> **What to produce**: Write out exactly the lines of the entries below from the one holding "- C3: PARTNO" to the one holding "- F1: PARTNO CMF-RL10-0 -> 600R150-RBZR", inclusive, and leave out all other lines.

> **Available data**:
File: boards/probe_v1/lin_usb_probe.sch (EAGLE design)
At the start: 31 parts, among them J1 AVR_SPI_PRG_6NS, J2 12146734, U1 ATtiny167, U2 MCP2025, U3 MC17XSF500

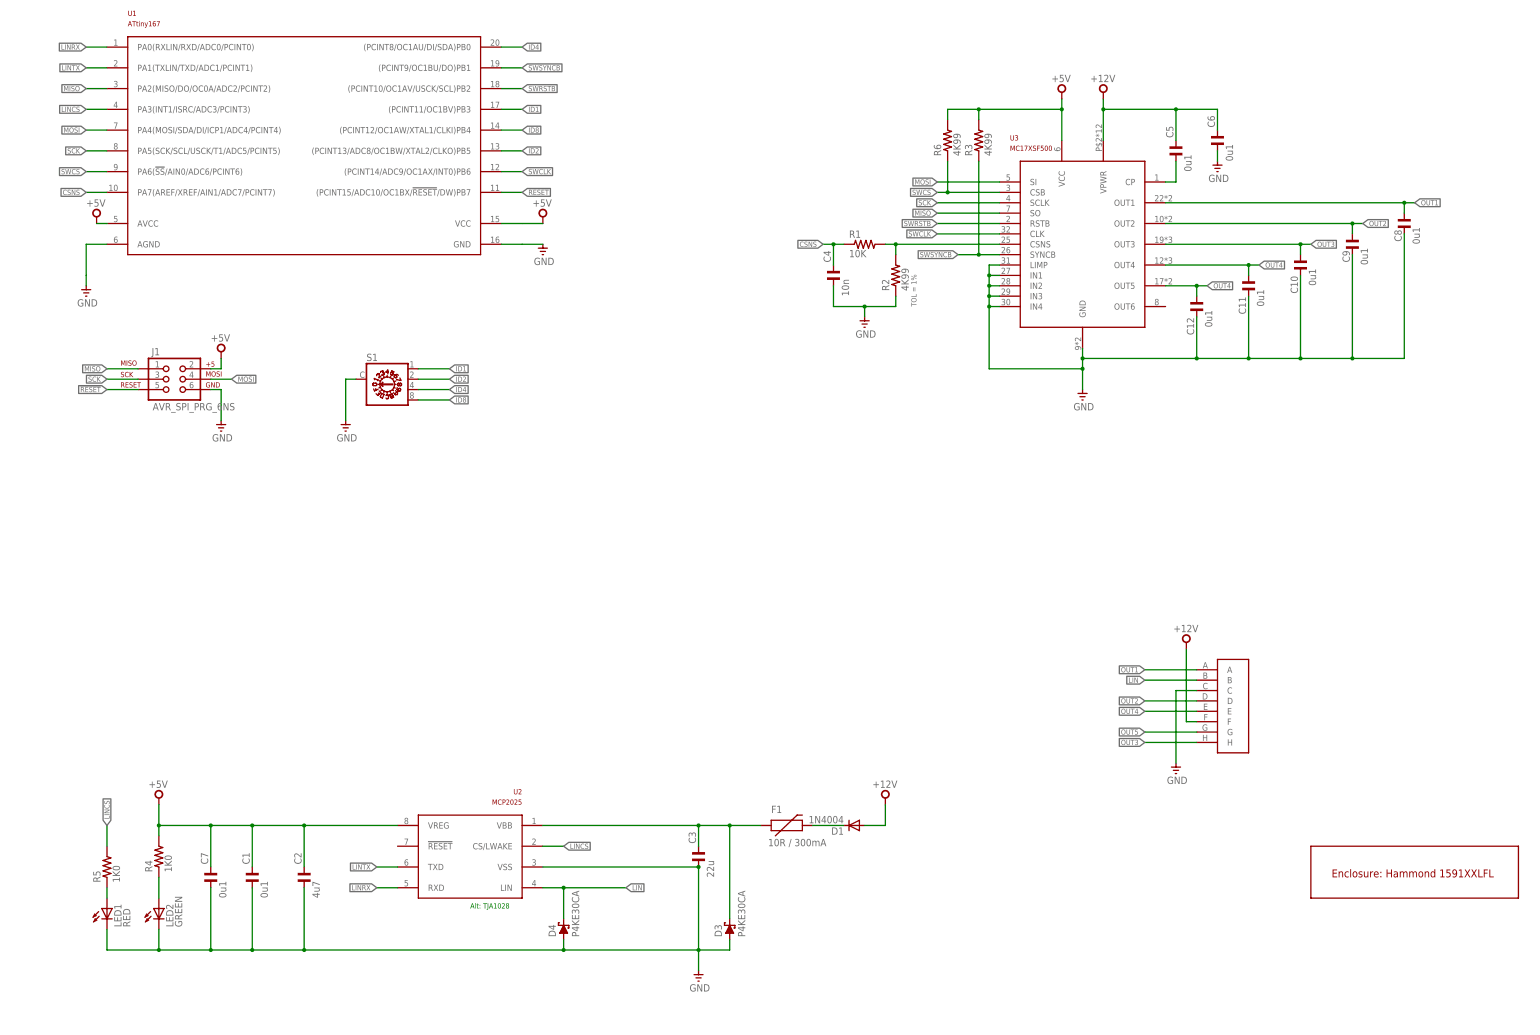
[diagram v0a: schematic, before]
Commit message: Update to current sample boards
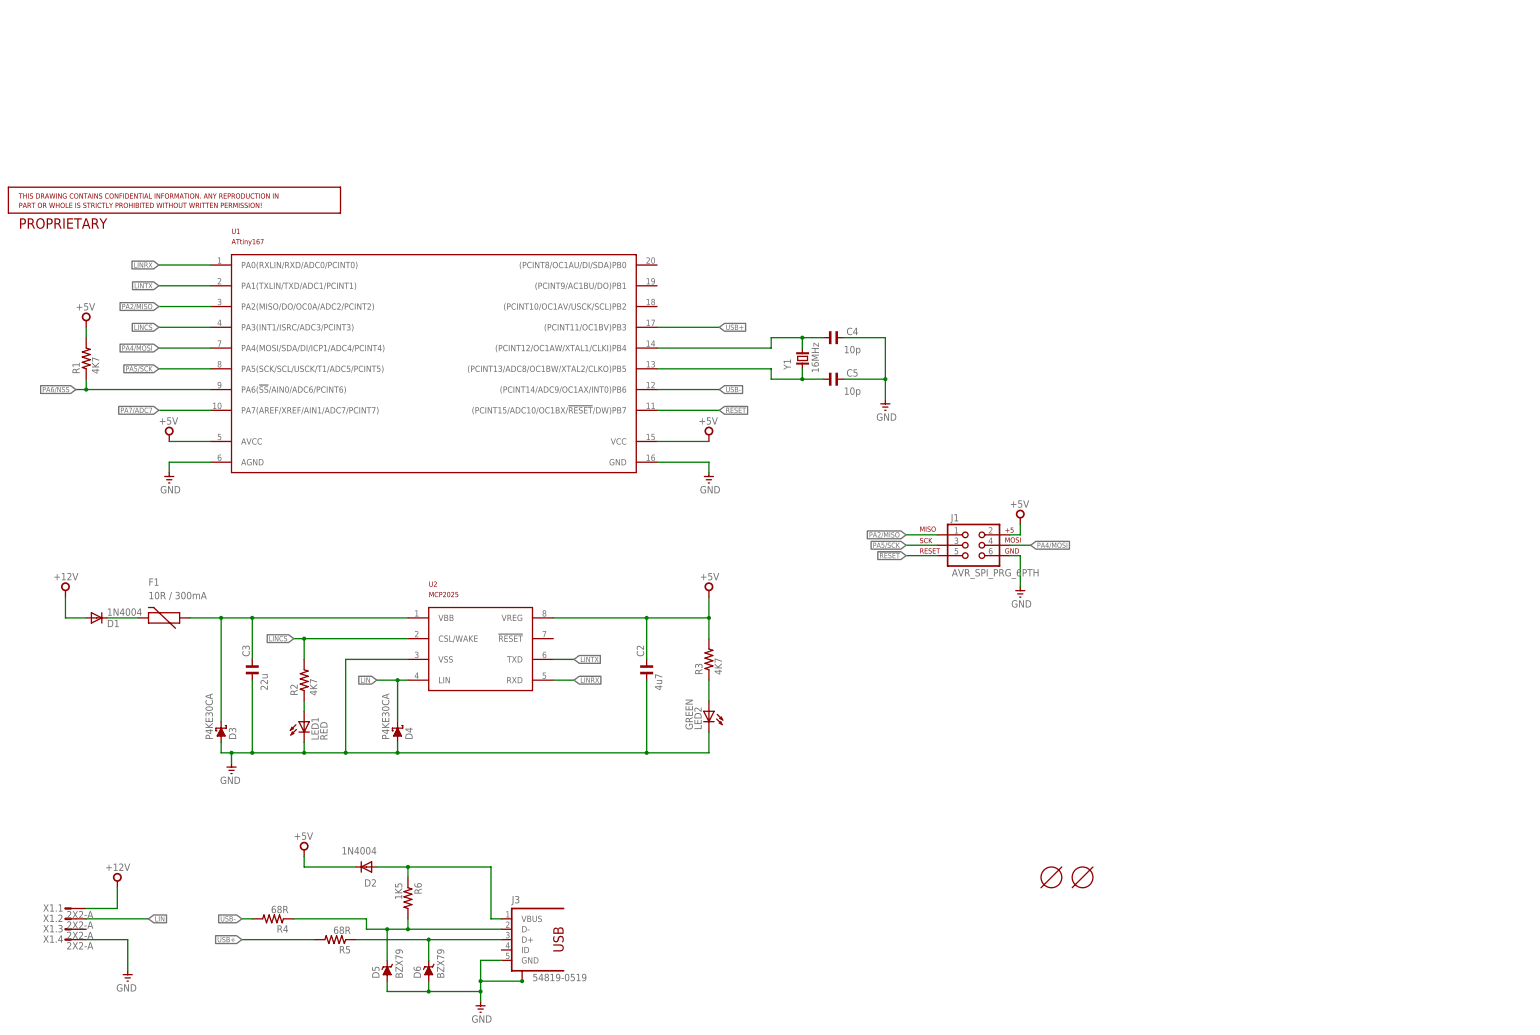
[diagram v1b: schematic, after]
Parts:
- removed C1, C6, C7: 0u1, custom:C-EU050-024X044
- removed C10, C11, C12, C8, C9: 0u1, custom:C-EUC0603K
- removed J2: 12146734, custom:12146734
- removed S1: (no value), custom:P103
- removed U3: MC17XSF500, custom:MC17XSF500
- added D2: 1N4004, custom:1N4004
- added D5, D6: BZX79, custom:BZX79
- added J3: 54819-0519, custom:54819-0519
- added U$2: MOUNT-HOLE3.1MM, custom:MOUNT-HOLE3.1MM
- added X1: 2X2-A, custom:2X2-A
- added Y1: 16MHz, custom:CRYTALHC49S
- C2: PARTNO FK28X5R0J475K -> GRM21BR71A475KA73K
- C3: PARTNO FK22X5R1E226M -> C2012X5R1V226M125AC
- C4: value 10n -> 10p; PARTNO FK18X7R1H103K -> (none)
- C5: value 0u1 -> 10p; device custom:C-EU050-024X044 -> custom:C-EU025-024X044; PARTNO FK28X7R1H104K -> (none)
- D3, D4: device custom:P4KEXX -> custom:SCHOTTKY-DIODEDO41-10
- F1: PARTNO CMF-RL10-0 -> 600R150-RBZR
- J1: value AVR_SPI_PRG_6NS -> AVR_SPI_PRG_6PTH; device custom:AVR_SPI_PRG_6NS -> custom:AVR_SPI_PRG_6PTH
- R1: value 10K -> 4K7; PARTNO CF14JT10K0 -> ERJ-6GEYJ472V
- R2: value 4K99 -> 4K7; PARTNO MFR-25FBF52-4K99 -> ERJ-6GEYJ472V; TOL 1% -> (none)
- R3: value 4K99 -> 4K7; PARTNO MFR-25FBF52-4K99 -> ERJ-6GEYJ472V
- R4, R5: value 1K0 -> 68R; PARTNO CF14JT1K00 -> ERJ-6GEYJ472V
- R6: value 4K99 -> 1K5; PARTNO MFR-25FBF52-4K99 -> ERJ-6GEYJ472V
- U$1: value 1591XXLFL -> MOUNT-HOLE3.1MM; device custom:1591XXLFL -> custom:MOUNT-HOLE3.1MM; PARTNO 1591XXLFLBK -> (none)
- U1: device custom:ATTINY167 -> custom:ATTINY16720X; PARTNO ATTINY167-SU -> ATTINY167-A15XZ
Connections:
- removed net CSNS: C4.1, R1.1, U1.PA7(AREF/XREF/AIN1/ADC7/PCINT7)
- removed net ID1: S1.1, U1.(PCINT11/OC1BV)PB3
- removed net ID2: S1.2, U1.(PCINT13/ADC8/OC1BW/XTAL2/CLKO)PB5
- removed net ID4: S1.4, U1.(PCINT8/OC1AU/DI/SDA)PB0
- removed net ID8: S1.8, U1.(PCINT12/OC1AW/XTAL1/CLKI)PB4
- removed net MISO: J1.1, U1.PA2(MISO/DO/OC0A/ADC2/PCINT2), U3.SO
- removed net MOSI: J1.4, U1.PA4(MOSI/SDA/DI/ICP1/ADC4/PCINT4), U3.SI
- removed net OUT1: C8.1, J2.A, U3.OUT1
- removed net OUT2: C9.1, J2.D, U3.OUT2
- removed net OUT3: C10.1, J2.H, U3.OUT3
- removed net OUT4: C11.1, J2.E, U3.OUT4
- removed net OUT5: C12.1, J2.G, U3.OUT5
- removed net SCK: J1.3, U1.PA5(SCK/SCL/USCK/T1/ADC5/PCINT5), U3.SCLK
- removed net SWCLK: U1.(PCINT14/ADC9/OC1AX/INT0)PB6, U3.CLK
- removed net SWCS: R6.1, U1.PA6(!SS!/AIN0/ADC6/PCINT6), U3.CSB
- removed net SWRSTB: U1.(PCINT10/OC1AV/USCK/SCL)PB2, U3.RSTB
- removed net SWSYNCB: R3.1, U1.(PCINT9/OC1BU/DO)PB1, U3.SYNCB
- new net N$7: D5.C, J3.D-, R4.1, R6.2
- new net N$8: D2.A, J3.VBUS, R6.1
- new net N$9: C5.2, U1.(PCINT13/ADC8/OC1BW/XTAL2/CLKO)PB5, Y1.1
- new net PA2/MISO: J1.1, U1.PA2(MISO/DO/OC0A/ADC2/PCINT2)
- new net PA4/MOSI: J1.4, U1.PA4(MOSI/SDA/DI/ICP1/ADC4/PCINT4)
- new net PA5/SCK: J1.3, U1.PA5(SCK/SCL/USCK/T1/ADC5/PCINT5)
- new net PA6/NSS: R1.1, U1.PA6(!SS!/AIN0/ADC6/PCINT6)
- new net PA7/ADC7: U1.PA7(AREF/XREF/AIN1/ADC7/PCINT7)
- new net USB+: R5.2, U1.(PCINT11/OC1BV)PB3
- new net USB-: R4.2, U1.(PCINT14/ADC9/OC1AX/INT0)PB6
- net +12V: now also X1.1.S; no longer C5.1, C6.1, J2.F, U3.VPWR
- net +5V: now also D2.C, R1.2; no longer C1.1, C7.1, R4.2, R6.2, U3.VCC
- net GND: now also C4.1, C5.1, D5.A, D6.A, J3.GND, J3.S1, J3.S2, X1.4.S; no longer C1.2, C10.2, C11.2, C12.2, C4.2, C6.2, C7.2, C8.2, C9.2, J2.C, R2.1, S1.C, U3.GND, U3.IN1, U3.IN2, U3.IN3, U3.IN4, U3.LIMP
- net LIN: now also X1.2.S; no longer J2.B
- net LINCS: now also R2.2, U2.CSL/WAKE; no longer R5.2, U2.CS/LWAKE
- net N$1: now also C4.2, U1.(PCINT12/OC1AW/XTAL1/CLKI)PB4, Y1.2; no longer C5.2, U3.CP
- net N$3: now also R2.1; no longer R5.1
- net N$4: now also R3.1; no longer R4.1
- net N$6: now also D6.C, J3.D+, R5.1; no longer R1.2, R2.2, U3.CSNS
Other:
- note removed: "Alt: TJA1028"
- moved on the sheet: C2, C3, C4, C5, D1, F1, J1, LED1, LED2, R1, R2, R3

> **Answer section**:
- C3: PARTNO FK22X5R1E226M -> C2012X5R1V226M125AC
- C4: value 10n -> 10p; PARTNO FK18X7R1H103K -> (none)
- C5: value 0u1 -> 10p; device custom:C-EU050-024X044 -> custom:C-EU025-024X044; PARTNO FK28X7R1H104K -> (none)
- D3, D4: device custom:P4KEXX -> custom:SCHOTTKY-DIODEDO41-10
- F1: PARTNO CMF-RL10-0 -> 600R150-RBZR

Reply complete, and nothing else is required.